_Task instructions_. Look through the data and write out every line with the word "Main" in it.

=====

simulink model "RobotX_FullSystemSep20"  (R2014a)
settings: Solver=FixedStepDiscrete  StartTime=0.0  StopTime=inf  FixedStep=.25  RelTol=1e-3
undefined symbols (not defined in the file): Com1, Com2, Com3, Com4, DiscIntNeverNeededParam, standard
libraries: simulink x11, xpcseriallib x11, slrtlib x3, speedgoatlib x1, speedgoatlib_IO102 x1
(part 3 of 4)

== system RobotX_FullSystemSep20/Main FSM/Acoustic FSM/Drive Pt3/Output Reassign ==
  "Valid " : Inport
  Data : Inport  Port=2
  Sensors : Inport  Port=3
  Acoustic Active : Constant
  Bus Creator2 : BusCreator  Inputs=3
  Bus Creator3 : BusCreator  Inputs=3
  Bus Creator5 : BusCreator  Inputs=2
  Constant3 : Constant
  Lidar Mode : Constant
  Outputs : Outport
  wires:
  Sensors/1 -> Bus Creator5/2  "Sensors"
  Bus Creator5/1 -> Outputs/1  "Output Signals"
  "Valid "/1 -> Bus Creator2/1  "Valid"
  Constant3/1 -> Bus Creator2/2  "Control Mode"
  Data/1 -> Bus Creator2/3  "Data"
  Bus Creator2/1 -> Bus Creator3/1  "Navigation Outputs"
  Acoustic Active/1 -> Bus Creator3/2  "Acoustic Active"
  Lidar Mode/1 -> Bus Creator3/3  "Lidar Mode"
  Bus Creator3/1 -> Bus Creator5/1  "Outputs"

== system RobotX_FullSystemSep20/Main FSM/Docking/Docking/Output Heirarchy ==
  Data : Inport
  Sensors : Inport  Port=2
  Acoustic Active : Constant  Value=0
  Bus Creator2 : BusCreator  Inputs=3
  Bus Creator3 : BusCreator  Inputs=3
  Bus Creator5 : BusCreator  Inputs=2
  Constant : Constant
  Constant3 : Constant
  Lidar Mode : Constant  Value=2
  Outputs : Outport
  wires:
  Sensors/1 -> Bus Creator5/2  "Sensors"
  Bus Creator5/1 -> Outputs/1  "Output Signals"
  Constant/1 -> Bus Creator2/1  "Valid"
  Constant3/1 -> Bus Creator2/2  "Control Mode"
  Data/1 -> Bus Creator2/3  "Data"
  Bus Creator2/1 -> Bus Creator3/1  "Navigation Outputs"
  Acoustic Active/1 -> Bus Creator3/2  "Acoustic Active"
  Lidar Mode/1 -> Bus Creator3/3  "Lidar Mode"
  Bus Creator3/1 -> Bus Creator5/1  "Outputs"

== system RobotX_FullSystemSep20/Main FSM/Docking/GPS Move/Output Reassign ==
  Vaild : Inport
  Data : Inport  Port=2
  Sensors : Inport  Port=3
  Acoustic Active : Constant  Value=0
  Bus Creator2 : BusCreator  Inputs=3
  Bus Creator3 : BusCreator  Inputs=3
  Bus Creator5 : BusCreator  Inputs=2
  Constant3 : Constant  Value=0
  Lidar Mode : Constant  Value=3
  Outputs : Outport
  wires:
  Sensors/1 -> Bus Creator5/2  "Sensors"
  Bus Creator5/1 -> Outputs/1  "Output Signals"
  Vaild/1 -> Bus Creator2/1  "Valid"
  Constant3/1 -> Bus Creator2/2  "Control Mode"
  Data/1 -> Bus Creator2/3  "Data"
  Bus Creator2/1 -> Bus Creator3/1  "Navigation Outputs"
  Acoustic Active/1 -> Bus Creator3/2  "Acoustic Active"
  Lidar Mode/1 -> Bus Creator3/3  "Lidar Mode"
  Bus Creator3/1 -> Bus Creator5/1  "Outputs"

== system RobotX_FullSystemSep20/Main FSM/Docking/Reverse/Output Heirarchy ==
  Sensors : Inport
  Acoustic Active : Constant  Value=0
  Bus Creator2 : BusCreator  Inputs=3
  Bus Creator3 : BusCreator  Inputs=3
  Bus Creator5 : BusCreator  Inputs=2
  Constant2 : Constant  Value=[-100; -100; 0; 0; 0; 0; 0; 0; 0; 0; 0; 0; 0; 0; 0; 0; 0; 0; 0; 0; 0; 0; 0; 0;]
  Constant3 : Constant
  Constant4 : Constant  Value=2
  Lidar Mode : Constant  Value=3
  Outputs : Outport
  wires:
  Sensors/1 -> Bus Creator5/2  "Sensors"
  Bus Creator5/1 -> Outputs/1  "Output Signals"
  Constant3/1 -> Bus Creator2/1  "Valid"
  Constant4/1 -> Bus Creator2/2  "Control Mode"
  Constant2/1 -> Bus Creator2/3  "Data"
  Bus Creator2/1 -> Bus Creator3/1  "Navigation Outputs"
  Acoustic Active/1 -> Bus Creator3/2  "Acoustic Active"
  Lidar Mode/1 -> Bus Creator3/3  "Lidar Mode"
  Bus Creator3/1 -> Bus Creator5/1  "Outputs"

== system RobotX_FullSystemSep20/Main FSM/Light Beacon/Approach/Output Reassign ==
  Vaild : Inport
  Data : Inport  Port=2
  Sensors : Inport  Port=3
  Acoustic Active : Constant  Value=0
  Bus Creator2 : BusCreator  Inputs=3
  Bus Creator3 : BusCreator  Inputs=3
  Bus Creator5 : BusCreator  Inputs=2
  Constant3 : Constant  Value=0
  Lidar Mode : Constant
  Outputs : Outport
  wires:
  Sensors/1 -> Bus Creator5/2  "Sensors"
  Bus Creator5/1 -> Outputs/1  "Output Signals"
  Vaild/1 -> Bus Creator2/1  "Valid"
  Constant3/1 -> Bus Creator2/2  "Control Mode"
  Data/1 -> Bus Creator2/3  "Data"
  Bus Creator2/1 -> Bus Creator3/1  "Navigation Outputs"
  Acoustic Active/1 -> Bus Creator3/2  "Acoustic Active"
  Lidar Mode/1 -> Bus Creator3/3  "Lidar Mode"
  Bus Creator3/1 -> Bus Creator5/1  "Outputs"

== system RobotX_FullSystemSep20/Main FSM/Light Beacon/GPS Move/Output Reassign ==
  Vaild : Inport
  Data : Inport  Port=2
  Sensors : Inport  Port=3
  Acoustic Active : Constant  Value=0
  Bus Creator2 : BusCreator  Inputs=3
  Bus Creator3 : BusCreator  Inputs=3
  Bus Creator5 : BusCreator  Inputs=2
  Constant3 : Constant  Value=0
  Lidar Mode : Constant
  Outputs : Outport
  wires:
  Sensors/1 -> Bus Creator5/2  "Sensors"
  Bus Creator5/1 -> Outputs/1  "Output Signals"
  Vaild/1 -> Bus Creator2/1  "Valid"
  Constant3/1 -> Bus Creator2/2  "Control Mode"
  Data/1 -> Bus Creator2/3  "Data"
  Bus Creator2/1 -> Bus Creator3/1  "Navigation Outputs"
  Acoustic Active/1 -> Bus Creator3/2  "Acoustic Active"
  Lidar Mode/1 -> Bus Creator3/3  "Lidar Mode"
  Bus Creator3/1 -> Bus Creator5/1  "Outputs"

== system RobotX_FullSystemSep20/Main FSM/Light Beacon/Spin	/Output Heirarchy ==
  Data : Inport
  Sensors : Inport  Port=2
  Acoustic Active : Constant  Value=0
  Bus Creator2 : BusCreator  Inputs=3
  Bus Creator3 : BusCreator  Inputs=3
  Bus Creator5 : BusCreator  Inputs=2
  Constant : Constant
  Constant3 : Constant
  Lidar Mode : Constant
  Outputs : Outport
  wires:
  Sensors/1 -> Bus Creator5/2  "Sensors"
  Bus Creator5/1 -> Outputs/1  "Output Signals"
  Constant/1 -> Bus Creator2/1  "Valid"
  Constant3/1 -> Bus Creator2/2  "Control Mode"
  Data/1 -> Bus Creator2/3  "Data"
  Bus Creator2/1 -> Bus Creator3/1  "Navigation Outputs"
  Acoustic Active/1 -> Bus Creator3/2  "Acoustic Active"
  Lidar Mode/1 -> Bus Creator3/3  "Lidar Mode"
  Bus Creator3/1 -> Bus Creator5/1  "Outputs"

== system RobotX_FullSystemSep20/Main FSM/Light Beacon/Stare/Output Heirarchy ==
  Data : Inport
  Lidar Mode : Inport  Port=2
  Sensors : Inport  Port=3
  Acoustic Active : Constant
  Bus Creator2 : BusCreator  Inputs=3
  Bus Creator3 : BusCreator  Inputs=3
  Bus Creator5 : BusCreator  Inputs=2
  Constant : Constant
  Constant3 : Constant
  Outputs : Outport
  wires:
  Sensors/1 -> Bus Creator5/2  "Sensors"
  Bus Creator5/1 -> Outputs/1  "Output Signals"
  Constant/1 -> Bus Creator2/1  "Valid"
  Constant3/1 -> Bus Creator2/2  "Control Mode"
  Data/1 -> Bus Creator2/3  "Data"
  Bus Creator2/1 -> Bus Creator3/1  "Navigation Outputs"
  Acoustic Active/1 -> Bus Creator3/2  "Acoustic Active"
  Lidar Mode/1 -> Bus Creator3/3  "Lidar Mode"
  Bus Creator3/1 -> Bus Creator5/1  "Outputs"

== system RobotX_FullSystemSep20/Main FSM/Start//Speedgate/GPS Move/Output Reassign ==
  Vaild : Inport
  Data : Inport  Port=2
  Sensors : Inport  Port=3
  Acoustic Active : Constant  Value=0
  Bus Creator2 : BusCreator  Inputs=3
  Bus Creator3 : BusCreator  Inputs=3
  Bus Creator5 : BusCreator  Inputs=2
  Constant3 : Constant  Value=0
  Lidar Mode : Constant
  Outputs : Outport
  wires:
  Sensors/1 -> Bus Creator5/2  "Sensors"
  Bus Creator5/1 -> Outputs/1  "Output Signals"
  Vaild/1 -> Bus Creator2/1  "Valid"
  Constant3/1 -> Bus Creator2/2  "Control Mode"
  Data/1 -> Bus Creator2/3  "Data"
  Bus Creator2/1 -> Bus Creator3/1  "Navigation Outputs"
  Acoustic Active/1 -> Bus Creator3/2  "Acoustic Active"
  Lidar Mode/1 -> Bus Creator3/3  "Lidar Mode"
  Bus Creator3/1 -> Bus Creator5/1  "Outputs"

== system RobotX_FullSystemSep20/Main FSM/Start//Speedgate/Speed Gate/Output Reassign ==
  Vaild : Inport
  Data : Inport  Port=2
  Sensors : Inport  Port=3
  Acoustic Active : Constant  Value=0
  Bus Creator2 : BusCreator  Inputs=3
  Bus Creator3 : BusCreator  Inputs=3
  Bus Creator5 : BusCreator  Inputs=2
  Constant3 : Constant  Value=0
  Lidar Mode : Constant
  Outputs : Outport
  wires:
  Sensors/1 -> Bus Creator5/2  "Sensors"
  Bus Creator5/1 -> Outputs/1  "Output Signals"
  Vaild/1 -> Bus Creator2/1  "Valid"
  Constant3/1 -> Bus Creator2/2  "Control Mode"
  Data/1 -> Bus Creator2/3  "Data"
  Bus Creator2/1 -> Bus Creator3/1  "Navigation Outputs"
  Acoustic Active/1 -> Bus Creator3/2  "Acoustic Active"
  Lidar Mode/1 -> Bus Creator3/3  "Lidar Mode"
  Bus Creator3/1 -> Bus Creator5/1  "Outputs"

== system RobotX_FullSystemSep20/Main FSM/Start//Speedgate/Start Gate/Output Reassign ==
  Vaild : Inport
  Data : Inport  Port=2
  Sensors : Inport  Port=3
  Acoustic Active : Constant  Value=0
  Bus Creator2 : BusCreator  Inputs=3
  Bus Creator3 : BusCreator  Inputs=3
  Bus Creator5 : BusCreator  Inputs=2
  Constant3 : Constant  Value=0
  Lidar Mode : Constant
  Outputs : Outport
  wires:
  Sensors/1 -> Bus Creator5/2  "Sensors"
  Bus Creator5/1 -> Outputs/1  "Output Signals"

=====

_Written reply_.
== system RobotX_FullSystemSep20/Main FSM/Acoustic FSM/Drive Pt3/Output Reassign ==
== system RobotX_FullSystemSep20/Main FSM/Docking/Docking/Output Heirarchy ==
== system RobotX_FullSystemSep20/Main FSM/Docking/GPS Move/Output Reassign ==
== system RobotX_FullSystemSep20/Main FSM/Docking/Reverse/Output Heirarchy ==
== system RobotX_FullSystemSep20/Main FSM/Light Beacon/Approach/Output Reassign ==
== system RobotX_FullSystemSep20/Main FSM/Light Beacon/GPS Move/Output Reassign ==
== system RobotX_FullSystemSep20/Main FSM/Light Beacon/Spin	/Output Heirarchy ==
== system RobotX_FullSystemSep20/Main FSM/Light Beacon/Stare/Output Heirarchy ==
== system RobotX_FullSystemSep20/Main FSM/Start//Speedgate/GPS Move/Output Reassign ==
== system RobotX_FullSystemSep20/Main FSM/Start//Speedgate/Speed Gate/Output Reassign ==
== system RobotX_FullSystemSep20/Main FSM/Start//Speedgate/Start Gate/Output Reassign ==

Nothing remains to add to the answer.